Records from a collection
|---|

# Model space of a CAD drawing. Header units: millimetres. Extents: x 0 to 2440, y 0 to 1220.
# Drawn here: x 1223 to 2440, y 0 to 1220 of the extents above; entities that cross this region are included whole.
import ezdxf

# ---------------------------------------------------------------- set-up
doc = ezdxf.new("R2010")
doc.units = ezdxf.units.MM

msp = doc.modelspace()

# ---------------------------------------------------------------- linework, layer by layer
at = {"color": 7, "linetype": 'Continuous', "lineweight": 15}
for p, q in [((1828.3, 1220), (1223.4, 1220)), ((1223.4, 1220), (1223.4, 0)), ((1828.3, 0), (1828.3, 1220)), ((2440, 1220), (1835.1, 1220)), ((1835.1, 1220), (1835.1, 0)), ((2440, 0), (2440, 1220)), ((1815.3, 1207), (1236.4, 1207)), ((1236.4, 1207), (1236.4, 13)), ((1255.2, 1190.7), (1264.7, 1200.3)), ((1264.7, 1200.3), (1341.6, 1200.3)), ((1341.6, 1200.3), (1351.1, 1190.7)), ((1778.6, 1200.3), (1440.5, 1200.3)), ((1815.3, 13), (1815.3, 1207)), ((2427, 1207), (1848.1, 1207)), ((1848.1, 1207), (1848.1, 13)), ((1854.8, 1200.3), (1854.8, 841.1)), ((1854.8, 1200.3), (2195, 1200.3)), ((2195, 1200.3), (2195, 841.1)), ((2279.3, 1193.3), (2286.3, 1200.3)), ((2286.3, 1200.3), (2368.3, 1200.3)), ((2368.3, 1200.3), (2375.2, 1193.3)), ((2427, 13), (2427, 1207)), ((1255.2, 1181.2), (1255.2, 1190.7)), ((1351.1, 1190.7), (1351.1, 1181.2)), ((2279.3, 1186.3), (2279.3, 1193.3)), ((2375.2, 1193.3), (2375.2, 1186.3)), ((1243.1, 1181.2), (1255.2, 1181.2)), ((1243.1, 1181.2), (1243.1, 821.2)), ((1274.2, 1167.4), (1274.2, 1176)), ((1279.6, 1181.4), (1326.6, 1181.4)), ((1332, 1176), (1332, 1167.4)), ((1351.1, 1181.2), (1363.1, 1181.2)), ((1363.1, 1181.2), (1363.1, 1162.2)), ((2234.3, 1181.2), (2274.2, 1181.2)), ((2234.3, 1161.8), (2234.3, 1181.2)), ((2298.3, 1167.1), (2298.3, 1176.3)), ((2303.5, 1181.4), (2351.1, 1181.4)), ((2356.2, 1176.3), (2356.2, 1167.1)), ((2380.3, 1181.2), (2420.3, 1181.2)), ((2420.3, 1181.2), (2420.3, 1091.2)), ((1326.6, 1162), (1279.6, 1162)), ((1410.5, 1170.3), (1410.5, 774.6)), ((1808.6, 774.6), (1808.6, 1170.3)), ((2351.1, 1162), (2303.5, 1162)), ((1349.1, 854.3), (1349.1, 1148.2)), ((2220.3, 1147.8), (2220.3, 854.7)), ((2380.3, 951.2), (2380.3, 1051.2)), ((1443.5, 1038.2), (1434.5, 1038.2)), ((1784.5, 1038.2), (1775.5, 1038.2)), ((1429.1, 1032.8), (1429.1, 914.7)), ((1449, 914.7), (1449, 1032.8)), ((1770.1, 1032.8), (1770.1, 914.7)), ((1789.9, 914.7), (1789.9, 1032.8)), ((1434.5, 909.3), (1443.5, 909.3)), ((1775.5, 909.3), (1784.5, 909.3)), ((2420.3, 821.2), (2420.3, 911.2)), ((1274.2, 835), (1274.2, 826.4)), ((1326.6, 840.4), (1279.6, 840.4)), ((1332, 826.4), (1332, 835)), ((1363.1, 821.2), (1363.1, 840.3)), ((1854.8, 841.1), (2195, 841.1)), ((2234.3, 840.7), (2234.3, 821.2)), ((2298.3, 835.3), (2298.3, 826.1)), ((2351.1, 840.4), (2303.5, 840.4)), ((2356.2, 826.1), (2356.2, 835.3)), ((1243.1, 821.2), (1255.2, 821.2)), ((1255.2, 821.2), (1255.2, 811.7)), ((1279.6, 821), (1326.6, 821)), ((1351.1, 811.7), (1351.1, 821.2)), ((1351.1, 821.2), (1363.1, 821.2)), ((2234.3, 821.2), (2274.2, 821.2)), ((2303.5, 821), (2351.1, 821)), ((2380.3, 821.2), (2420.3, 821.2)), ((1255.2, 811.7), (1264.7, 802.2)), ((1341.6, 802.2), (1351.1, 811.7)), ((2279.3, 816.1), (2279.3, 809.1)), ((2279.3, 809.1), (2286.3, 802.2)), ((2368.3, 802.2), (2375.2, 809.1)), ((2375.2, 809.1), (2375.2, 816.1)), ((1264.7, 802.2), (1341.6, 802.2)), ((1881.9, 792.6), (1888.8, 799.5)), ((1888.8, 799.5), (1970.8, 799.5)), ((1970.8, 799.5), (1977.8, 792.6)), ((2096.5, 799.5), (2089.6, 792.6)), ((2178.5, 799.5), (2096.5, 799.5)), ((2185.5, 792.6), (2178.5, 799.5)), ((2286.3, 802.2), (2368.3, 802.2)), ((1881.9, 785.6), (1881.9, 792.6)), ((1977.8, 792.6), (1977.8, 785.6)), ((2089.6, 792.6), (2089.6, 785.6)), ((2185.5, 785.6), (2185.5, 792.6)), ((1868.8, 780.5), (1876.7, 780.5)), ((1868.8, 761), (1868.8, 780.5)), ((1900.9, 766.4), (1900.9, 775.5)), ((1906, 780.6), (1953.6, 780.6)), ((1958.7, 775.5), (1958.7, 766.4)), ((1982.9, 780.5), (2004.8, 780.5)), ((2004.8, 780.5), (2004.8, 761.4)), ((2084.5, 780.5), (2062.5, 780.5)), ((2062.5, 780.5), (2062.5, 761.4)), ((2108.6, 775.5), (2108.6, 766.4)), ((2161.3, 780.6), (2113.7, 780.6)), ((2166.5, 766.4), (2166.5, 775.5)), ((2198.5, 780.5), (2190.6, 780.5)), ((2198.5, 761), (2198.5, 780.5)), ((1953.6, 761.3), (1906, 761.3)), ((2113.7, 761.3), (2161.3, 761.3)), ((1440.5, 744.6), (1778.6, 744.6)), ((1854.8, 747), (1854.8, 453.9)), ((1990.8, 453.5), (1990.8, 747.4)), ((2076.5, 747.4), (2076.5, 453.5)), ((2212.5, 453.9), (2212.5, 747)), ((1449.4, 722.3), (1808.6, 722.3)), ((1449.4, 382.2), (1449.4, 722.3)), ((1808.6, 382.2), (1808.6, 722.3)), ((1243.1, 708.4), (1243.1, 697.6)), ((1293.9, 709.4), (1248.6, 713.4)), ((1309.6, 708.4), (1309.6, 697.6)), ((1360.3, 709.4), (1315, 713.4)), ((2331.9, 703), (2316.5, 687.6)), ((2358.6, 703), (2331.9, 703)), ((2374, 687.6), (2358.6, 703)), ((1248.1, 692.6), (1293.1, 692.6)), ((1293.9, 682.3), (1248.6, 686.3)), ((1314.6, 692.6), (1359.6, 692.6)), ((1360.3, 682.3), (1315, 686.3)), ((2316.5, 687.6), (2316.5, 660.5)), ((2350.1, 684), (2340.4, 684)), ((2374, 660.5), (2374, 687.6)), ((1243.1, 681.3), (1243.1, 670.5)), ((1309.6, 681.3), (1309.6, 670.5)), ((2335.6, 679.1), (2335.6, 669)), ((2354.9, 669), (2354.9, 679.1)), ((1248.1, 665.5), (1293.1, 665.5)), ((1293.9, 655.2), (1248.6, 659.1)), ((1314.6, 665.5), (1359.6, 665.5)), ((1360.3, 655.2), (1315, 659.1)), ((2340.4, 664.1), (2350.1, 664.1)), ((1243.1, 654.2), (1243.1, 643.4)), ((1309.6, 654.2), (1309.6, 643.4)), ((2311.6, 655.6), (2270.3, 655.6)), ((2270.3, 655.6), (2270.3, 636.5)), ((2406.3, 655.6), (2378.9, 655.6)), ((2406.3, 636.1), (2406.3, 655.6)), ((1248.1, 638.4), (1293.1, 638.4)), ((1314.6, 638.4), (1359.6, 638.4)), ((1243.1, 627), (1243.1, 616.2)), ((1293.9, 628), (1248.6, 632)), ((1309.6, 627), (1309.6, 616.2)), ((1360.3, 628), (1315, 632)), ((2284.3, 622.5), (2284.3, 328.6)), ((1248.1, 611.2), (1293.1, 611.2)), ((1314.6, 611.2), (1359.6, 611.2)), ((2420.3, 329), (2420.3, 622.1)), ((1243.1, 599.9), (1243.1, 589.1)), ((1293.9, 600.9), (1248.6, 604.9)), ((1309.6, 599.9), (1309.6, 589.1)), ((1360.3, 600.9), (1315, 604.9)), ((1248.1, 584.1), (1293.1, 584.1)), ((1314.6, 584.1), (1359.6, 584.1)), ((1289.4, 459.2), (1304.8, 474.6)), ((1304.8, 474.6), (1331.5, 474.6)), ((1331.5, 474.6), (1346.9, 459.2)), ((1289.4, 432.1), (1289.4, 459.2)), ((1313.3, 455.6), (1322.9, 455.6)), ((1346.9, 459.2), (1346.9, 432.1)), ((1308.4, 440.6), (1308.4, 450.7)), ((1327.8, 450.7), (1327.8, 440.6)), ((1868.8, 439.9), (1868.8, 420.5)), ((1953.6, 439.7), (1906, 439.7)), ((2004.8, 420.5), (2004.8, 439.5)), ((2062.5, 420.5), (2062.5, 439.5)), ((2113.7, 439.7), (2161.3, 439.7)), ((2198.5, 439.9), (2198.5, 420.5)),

|---|

Pick out, from the lines above, every one that contains the string "ezdxf".

import ezdxf
doc = ezdxf.new("R2010")
doc.units = ezdxf.units.MM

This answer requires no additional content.